The tipping point came in the aftermath of the financial crisis. “The electorate wanted a scalp,” he said. Immigration was deeply unpopular and “the fact that more people come from outside the European Union was lost.” By this point Europe had become a “whipping boy” for everything that was going wrong in society. The hardliners had their opportunity to secure a referendum. Cameron promised a vote to hold his party together, but the final result was a profound shock. The party that had done so much for Britain in Europe would now be taking us out.

The Tories now “seem to be throwing it away” said Heseltine. “Unbelievably the Conservative Party is leading a conscious process, diminishing the stature of this country on the world stage. We are substituting delusions of unspecified opportunities for the realism of the only market on our doorstep of real size, in which we have a stake that is essential for prosperity.”
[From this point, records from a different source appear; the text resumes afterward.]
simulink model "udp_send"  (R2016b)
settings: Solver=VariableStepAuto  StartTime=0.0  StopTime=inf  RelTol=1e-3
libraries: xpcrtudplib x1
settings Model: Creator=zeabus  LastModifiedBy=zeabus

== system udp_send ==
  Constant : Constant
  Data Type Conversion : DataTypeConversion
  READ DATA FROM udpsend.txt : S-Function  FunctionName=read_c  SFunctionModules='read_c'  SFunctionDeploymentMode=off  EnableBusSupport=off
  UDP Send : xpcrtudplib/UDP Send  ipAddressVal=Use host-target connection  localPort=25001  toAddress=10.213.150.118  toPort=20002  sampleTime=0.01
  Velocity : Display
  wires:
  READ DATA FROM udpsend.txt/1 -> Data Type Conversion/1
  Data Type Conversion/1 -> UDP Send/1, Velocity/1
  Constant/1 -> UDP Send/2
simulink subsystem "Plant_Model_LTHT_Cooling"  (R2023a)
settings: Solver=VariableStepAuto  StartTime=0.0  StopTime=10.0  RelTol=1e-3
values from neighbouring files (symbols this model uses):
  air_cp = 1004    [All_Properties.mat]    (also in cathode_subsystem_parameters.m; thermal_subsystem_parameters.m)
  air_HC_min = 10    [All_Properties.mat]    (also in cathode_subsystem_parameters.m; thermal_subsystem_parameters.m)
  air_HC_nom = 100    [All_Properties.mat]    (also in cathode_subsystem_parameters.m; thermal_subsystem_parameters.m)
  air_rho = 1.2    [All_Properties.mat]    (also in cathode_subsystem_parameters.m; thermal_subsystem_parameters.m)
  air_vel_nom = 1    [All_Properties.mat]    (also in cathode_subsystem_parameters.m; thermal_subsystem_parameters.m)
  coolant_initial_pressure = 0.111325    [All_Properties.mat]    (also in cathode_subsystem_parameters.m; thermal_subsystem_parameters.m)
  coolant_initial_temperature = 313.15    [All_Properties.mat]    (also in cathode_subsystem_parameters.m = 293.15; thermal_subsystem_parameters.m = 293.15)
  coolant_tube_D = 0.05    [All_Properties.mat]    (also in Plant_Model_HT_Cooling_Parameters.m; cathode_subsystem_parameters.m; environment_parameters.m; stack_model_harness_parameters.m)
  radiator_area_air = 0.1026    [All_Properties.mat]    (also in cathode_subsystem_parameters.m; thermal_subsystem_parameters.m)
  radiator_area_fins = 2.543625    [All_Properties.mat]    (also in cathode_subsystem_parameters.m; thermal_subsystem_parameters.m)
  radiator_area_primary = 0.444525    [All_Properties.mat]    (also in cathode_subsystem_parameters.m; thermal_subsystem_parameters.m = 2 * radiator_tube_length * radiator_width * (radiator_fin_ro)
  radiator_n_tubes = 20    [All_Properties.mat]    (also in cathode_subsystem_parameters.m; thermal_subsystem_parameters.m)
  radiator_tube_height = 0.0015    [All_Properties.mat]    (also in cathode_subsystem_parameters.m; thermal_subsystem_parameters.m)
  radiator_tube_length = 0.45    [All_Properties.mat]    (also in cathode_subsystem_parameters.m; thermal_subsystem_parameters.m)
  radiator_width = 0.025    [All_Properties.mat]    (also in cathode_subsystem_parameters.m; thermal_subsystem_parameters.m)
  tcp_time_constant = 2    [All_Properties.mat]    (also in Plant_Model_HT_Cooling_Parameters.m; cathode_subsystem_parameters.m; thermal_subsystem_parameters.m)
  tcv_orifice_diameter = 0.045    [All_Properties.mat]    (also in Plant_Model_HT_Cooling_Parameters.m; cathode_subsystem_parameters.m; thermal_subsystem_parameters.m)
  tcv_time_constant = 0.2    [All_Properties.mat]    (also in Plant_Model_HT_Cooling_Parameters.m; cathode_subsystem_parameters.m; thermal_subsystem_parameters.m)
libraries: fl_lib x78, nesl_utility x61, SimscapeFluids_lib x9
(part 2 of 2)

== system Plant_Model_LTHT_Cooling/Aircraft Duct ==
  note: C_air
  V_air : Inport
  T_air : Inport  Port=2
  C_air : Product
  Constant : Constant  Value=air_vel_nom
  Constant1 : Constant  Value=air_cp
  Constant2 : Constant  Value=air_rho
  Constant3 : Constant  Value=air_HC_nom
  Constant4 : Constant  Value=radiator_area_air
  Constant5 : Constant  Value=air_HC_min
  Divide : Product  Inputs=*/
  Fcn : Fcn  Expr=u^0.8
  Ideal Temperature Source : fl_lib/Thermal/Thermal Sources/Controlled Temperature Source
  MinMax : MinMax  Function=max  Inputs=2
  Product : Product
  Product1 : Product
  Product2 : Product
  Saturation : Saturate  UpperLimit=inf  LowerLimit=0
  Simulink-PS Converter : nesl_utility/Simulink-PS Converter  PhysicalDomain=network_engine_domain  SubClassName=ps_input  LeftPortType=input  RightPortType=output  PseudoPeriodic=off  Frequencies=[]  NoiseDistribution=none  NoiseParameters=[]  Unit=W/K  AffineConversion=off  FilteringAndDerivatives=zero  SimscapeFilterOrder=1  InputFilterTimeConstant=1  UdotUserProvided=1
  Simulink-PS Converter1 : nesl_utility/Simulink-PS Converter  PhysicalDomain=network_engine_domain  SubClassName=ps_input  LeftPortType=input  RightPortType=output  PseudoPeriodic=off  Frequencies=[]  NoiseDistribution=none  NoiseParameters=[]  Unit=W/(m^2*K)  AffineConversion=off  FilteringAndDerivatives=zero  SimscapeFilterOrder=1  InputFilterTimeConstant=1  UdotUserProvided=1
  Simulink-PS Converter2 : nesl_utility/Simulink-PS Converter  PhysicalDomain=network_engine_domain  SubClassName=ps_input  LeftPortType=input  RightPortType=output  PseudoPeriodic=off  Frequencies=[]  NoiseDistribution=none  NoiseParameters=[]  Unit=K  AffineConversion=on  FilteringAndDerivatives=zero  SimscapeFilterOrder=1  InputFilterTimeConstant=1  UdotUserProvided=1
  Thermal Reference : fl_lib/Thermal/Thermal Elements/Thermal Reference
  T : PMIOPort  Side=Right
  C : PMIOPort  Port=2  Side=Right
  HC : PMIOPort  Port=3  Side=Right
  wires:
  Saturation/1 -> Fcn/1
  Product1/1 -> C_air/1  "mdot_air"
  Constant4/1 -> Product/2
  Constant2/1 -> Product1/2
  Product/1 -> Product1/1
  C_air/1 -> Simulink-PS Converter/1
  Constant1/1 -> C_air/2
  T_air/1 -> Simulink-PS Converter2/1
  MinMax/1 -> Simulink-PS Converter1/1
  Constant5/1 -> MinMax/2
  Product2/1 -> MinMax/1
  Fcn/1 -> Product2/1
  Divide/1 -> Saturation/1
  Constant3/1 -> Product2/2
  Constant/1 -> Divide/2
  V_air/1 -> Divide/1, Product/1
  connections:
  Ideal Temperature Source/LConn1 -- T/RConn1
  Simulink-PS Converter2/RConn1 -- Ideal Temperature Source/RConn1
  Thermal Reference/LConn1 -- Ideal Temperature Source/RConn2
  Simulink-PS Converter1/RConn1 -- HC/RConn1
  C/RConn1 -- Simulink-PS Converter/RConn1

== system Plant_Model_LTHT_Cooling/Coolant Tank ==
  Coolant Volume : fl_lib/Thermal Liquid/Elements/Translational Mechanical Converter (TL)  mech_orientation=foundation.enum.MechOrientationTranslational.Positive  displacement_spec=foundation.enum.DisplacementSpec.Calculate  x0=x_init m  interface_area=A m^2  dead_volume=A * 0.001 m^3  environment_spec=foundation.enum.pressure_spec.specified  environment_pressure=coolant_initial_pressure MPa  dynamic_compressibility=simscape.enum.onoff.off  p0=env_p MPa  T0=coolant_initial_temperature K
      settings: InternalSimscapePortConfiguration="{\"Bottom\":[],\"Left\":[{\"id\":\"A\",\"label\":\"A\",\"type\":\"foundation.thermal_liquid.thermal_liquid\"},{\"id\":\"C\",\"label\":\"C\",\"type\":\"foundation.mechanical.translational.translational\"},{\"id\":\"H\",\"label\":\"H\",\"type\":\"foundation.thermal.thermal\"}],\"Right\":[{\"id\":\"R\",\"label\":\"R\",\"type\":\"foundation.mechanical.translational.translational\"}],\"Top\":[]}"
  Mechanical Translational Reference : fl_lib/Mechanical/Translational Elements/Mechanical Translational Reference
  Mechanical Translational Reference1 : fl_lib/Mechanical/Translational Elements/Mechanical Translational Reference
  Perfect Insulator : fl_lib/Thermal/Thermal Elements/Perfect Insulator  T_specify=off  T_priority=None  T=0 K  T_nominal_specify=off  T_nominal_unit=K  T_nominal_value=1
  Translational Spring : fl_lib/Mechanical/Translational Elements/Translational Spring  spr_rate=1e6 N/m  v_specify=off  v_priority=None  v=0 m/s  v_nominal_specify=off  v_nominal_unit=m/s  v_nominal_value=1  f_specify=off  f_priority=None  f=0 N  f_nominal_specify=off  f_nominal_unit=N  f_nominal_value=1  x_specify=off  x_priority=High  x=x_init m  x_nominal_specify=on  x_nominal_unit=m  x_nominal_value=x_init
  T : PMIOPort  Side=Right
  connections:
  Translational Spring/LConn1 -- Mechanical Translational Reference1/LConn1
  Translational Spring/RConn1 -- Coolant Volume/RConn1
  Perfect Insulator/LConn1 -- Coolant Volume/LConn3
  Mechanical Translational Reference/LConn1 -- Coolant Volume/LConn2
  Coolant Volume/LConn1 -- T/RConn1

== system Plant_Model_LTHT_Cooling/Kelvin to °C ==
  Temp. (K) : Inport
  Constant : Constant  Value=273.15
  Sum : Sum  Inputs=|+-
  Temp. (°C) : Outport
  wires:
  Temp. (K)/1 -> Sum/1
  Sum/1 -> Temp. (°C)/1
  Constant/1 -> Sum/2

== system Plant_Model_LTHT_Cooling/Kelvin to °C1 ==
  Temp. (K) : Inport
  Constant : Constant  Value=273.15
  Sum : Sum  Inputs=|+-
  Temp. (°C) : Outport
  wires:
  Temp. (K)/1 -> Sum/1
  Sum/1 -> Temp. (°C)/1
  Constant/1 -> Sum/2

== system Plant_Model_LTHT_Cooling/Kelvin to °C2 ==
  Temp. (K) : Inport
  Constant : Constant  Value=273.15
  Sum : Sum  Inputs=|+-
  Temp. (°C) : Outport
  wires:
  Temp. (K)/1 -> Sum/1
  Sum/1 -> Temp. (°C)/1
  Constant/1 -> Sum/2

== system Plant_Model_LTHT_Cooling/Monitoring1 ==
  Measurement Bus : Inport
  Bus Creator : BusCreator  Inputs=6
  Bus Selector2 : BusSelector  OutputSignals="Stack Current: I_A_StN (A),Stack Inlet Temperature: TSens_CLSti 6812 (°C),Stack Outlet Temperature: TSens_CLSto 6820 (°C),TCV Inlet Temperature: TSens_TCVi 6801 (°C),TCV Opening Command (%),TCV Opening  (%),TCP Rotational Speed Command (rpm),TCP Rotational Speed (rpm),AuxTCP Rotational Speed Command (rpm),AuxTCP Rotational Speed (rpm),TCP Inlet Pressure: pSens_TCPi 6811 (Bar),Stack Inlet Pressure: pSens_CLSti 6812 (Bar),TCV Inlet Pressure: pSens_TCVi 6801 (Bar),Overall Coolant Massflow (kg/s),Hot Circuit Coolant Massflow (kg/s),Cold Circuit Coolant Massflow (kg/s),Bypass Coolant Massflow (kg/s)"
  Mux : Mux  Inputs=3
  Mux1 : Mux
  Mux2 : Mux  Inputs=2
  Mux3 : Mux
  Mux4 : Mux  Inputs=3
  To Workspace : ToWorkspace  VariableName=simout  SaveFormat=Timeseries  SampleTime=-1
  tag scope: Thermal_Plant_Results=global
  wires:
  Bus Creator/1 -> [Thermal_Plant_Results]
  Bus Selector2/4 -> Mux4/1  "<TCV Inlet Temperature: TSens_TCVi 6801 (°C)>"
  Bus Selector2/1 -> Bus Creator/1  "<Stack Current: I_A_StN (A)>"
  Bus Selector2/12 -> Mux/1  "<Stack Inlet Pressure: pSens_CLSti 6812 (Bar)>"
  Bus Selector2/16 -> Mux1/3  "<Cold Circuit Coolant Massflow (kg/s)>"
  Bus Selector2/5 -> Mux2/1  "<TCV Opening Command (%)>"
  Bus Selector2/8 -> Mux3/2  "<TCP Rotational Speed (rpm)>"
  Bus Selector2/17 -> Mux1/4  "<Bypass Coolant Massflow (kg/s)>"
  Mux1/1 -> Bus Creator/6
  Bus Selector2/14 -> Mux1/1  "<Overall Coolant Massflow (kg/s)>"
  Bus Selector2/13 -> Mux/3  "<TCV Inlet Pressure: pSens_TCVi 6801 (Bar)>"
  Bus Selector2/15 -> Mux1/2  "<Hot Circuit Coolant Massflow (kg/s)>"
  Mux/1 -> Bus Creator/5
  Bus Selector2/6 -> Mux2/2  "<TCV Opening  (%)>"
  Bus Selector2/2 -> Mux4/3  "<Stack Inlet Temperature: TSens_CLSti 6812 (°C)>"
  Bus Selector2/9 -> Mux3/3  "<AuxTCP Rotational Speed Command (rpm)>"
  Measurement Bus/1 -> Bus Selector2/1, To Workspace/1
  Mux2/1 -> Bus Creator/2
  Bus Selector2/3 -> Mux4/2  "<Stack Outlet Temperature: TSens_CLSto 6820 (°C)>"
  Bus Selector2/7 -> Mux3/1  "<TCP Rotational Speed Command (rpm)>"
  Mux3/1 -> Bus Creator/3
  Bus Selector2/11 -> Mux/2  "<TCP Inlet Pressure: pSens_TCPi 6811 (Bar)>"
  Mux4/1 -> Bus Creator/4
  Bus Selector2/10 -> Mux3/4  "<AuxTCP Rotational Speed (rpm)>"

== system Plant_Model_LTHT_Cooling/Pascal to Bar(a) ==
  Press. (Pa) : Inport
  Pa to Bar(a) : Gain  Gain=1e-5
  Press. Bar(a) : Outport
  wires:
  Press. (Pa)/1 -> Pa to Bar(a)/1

“How can any political party lead a nation into a circumstance where its people will be poorer as a result of that leadership? And how above all else can a Conservative Party do that?”

It is a question many pro-Europeans on the Tory benches are now asking. The party is bitterly divided. Remainers and Leavers are waging parliamentary war and each side accuses the other of out and out treachery. Some believe there is a risk of permanent rupture.

On this point Heseltine urged calm. “There will always be factions within the Conservative Party as there are in every party. But the party has been historically successful in putting the national interest into the mix which has secured a cohesion…one of the reasons for its success is its ability to come together.”

It may reunite once this sorry episode is over. But there is no escaping the fact that UK departure “will be seen as a Tory government decision.” The Conservatives once helped to establish Britain’s place in Europe. Brexit has changed all of that. The simple truth, said Heseltine, is that “my party owns it.”